# Information posted in K9data



## BlazenGR (Jan 12, 2012)

In the future, you are going to start seeing a lot fewer entries in K9data in the future that are not verifiable in the OFA database _IF_ the dog has produced offspring. Frankly, I am tired of dealing with them, and the database owner never intended for K9data to be the "source" repository for that information. So at least for the "Big 4", if it isn't in OFA.org, that information is going to start being removed from K9data as we come across it. For Canadian dogs that should have had hips and elbows done after OVC quit, the same will apply. We understand that the GRCC Code of Ethics does not require that breeders to wait until 24 months, but if the information isn't in OFA, we have no way to verify that information.


----------



## puddles everywhere (May 13, 2016)

I'm a little new to all this and not sure I'm following what you are saying. If info. is on OFA, it will no longer be linked to k9data unless there is offspring?
And GRCC Coe does not require breeders to wait until 24 months for hip & elbow? Or is it prelims will not be linked to k9data?

Sorry to sound so dense but confused.


----------



## Ljilly28 (Jan 22, 2008)

For example, I did prelims on my 11 month old bc he had a soft tiissue injury of the shoulder, and I wanted to take a peak to verify the vet was correct and no elbow issue. I sent them to OFA on the "might as well" policy. He had Hips Good, Elbows normal, but OFA wont post at that age. I dont think I bothered to put it on k9data, but if I did,,that would be a good example of what is driving you nuts? (lol!). Checking now! Checked- nope never put it up, so just eye clearance that IS linked to OFA.


----------



## puddles everywhere (May 13, 2016)

So verifiable data will continue to be linked to OFA, got it. But other stuff like cause of death will remain.... ahhhh, got it. This should make it easier for people to research, if it's not on OFA it won't have a false entry on k9data. That's a good thing but lots of clean up. 

Thank you, I was lost!


----------



## BlazenGR (Jan 12, 2012)

This will only apply to dogs that we know have been bred. 

We are trying to get people to stop entering prelims, and then breeding the dog, and expecting us to leave that information in K9data. 

We are trying to get people to stop entering "clear" for eye and heart, and nothing else. If it can't be verified on the OFA website, then it will be removed.

She never intended for K9data to be the source for health information, especially the Big 4 (hips, elbows, eyes, and heart). If the dog has been bred, and there is something entered in those fields, then we will expect to find that information on the OFA website.


----------



## TheZ's (Jun 13, 2011)

BlazenGR said:


> . . . We understand that the GRCC Code of Ethics does not require that breeders to wait until 24 months, but if the information isn't in OFA, we have no way to verify that information.

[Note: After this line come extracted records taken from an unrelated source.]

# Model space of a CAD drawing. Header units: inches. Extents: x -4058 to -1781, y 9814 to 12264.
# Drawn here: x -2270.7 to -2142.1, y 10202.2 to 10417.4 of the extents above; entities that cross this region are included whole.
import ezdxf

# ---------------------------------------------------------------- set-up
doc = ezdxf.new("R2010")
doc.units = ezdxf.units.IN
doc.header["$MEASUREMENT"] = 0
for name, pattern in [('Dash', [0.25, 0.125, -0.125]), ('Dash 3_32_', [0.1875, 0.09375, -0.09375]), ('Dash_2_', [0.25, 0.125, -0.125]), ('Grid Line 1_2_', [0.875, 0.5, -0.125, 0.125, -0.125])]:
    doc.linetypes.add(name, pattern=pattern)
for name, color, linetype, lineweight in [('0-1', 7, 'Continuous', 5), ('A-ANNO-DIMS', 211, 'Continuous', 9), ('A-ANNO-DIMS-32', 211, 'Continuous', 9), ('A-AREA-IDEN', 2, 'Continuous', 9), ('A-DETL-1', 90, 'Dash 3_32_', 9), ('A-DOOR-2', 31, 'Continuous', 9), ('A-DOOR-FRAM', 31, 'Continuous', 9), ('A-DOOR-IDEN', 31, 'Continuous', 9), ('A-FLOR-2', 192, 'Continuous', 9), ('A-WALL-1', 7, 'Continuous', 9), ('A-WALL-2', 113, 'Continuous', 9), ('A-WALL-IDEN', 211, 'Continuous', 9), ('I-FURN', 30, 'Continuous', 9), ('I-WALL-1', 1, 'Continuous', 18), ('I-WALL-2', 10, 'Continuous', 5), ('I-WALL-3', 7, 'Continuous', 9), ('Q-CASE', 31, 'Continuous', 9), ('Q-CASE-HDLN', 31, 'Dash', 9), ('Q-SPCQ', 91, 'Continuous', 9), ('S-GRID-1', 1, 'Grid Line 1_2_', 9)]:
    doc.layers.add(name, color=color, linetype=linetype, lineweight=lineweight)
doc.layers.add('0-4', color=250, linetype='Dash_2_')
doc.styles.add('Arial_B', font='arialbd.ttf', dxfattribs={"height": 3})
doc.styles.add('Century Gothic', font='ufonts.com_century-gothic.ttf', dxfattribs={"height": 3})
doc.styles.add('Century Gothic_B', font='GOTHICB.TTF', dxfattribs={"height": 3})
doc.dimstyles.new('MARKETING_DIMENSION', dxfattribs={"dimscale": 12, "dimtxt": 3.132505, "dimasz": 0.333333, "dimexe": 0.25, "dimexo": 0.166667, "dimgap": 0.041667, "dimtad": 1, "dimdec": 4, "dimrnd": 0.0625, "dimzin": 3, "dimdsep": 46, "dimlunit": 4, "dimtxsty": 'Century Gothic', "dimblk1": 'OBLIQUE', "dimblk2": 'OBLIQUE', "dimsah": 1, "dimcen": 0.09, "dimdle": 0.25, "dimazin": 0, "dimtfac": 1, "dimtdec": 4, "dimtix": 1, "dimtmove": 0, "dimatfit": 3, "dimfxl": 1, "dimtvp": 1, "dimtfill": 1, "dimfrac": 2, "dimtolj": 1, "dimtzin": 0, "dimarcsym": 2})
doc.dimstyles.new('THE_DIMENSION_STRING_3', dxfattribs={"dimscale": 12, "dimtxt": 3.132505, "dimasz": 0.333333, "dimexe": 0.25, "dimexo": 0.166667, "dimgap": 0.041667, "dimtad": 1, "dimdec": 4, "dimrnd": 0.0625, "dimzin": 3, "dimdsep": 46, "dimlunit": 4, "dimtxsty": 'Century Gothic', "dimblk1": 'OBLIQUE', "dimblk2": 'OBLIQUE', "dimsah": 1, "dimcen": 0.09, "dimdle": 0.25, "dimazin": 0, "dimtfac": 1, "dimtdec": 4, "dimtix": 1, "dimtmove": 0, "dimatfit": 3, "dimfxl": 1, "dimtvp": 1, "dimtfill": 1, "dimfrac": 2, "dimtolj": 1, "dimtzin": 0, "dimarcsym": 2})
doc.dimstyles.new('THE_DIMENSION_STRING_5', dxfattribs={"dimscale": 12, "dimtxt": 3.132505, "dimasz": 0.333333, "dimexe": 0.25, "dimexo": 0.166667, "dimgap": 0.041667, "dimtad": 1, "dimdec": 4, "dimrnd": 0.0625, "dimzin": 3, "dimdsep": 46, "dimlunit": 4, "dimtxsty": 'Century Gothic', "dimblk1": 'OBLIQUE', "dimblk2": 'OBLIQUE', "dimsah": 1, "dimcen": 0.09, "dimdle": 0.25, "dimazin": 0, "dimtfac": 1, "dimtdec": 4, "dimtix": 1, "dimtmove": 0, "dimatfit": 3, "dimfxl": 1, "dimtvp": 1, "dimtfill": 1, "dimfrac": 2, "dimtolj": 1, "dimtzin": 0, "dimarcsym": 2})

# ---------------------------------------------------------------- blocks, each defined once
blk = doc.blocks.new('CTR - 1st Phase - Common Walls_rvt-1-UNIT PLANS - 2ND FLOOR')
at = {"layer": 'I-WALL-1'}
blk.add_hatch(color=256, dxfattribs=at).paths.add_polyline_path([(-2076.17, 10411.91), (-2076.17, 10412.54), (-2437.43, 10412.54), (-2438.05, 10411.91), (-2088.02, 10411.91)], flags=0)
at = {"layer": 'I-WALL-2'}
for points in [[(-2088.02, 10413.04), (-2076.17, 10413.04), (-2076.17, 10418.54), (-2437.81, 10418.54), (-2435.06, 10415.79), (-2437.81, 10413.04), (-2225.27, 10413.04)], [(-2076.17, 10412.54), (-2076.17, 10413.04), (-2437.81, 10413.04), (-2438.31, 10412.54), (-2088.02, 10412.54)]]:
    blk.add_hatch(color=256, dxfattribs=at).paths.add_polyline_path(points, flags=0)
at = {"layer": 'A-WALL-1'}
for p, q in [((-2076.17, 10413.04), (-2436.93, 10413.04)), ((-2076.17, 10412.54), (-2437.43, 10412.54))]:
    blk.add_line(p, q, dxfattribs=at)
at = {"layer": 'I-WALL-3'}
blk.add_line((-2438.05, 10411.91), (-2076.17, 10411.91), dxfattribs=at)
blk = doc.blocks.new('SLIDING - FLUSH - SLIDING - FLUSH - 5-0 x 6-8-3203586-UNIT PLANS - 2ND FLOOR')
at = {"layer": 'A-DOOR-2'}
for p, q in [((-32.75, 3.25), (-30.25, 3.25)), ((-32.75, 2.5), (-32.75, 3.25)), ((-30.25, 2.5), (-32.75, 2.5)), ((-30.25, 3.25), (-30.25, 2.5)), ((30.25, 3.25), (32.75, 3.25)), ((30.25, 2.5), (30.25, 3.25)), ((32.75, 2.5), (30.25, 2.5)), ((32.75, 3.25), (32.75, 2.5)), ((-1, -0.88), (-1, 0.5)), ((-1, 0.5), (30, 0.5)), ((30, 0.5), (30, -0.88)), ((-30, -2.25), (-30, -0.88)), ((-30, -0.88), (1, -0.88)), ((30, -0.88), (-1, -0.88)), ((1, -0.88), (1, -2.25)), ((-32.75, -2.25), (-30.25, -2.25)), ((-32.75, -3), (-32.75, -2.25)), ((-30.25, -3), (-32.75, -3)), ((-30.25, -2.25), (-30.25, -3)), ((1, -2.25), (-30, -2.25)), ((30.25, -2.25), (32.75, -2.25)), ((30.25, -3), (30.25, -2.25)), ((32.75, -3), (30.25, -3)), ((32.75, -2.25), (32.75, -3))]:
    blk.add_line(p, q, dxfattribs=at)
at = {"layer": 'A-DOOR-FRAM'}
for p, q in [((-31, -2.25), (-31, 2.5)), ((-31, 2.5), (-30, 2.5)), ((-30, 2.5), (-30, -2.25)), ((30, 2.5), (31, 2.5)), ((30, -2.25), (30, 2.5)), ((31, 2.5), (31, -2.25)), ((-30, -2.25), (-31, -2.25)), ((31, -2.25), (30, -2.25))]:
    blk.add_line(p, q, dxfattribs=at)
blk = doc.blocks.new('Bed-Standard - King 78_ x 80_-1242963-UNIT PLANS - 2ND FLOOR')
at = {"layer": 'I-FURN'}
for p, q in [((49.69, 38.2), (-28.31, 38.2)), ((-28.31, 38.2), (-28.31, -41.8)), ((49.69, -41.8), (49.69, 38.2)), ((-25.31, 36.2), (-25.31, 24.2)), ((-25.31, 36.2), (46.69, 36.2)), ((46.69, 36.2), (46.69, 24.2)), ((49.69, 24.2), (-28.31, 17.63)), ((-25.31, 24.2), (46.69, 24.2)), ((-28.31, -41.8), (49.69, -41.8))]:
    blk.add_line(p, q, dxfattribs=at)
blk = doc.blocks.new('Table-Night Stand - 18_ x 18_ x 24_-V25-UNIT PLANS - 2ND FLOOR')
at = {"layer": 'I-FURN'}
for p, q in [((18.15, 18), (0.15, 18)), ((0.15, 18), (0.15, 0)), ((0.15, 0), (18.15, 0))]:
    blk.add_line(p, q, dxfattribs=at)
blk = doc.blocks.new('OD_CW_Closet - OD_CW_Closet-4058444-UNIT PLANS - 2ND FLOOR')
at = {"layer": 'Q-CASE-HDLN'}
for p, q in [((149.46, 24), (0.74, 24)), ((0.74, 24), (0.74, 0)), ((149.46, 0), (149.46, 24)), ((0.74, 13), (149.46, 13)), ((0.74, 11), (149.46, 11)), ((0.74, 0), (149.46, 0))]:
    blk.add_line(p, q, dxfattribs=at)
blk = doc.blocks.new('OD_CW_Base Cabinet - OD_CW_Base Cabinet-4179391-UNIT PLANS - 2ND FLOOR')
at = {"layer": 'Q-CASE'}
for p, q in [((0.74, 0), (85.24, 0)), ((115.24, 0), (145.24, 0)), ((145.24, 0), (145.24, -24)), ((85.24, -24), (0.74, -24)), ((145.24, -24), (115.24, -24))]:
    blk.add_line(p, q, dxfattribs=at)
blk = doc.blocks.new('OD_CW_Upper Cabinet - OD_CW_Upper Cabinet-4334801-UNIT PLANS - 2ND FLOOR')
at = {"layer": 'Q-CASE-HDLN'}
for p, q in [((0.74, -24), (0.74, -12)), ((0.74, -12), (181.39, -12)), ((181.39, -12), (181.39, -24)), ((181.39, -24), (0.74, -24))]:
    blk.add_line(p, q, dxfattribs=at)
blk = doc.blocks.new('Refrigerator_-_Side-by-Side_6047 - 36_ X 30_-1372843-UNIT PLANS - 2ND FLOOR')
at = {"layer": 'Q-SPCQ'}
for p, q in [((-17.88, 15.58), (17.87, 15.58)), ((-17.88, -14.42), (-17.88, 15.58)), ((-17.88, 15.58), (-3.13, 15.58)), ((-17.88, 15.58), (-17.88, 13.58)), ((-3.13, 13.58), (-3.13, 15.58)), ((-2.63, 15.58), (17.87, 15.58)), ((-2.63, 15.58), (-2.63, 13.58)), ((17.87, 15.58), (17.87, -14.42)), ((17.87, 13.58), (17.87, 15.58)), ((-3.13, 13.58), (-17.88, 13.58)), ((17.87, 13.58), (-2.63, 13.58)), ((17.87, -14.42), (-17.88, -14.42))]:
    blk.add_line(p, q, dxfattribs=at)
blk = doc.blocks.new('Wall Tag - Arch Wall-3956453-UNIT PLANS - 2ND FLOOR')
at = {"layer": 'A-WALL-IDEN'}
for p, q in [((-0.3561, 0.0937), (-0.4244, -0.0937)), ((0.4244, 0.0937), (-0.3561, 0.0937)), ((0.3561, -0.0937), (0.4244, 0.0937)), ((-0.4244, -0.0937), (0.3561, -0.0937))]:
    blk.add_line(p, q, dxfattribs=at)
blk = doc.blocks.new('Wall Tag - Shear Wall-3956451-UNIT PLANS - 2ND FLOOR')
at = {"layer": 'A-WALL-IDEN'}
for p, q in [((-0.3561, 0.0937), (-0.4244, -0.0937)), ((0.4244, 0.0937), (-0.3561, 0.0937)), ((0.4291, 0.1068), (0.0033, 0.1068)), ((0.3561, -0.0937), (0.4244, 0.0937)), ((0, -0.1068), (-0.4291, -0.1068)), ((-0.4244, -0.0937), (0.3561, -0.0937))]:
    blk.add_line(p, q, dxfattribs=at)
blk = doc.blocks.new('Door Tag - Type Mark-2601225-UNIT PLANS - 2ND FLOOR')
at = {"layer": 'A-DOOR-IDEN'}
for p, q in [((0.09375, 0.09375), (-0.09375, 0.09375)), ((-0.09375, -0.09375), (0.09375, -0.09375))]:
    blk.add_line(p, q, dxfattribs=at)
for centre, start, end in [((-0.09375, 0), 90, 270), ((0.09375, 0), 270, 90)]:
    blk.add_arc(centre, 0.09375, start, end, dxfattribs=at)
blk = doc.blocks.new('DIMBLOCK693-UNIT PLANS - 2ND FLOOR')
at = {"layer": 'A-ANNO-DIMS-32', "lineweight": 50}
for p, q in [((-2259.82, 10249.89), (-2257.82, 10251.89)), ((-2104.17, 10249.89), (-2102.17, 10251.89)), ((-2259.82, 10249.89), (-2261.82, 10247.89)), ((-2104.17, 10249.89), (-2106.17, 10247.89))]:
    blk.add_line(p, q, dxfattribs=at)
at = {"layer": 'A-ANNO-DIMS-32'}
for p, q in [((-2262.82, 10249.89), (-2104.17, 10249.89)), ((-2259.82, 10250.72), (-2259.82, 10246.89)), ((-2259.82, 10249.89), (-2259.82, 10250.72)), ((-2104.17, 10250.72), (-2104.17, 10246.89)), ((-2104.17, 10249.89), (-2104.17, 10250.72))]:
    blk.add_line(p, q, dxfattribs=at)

I'm not understanding this. I thought the COE required hip and elbow clearances at no less than 24 months. I just did a quick look and it seems like that's what it says. Or are you just saying that the COE doesn't prohibit doing preliminaries?


----------



## BlazenGR (Jan 12, 2012)

You are correct. However, that does not keep people from breeding on prelims, but the database owner isn't going to condone it, and the vast majority of prelim claims are never published on the OFA website (over 12 months, with permanently identified (and verified), and owner initials the authorization block to release all results).


----------



## LJack (Aug 10, 2012)

Wow! This is great news. Thank you so much for the work you all put into this great resource.:You_Rock_


----------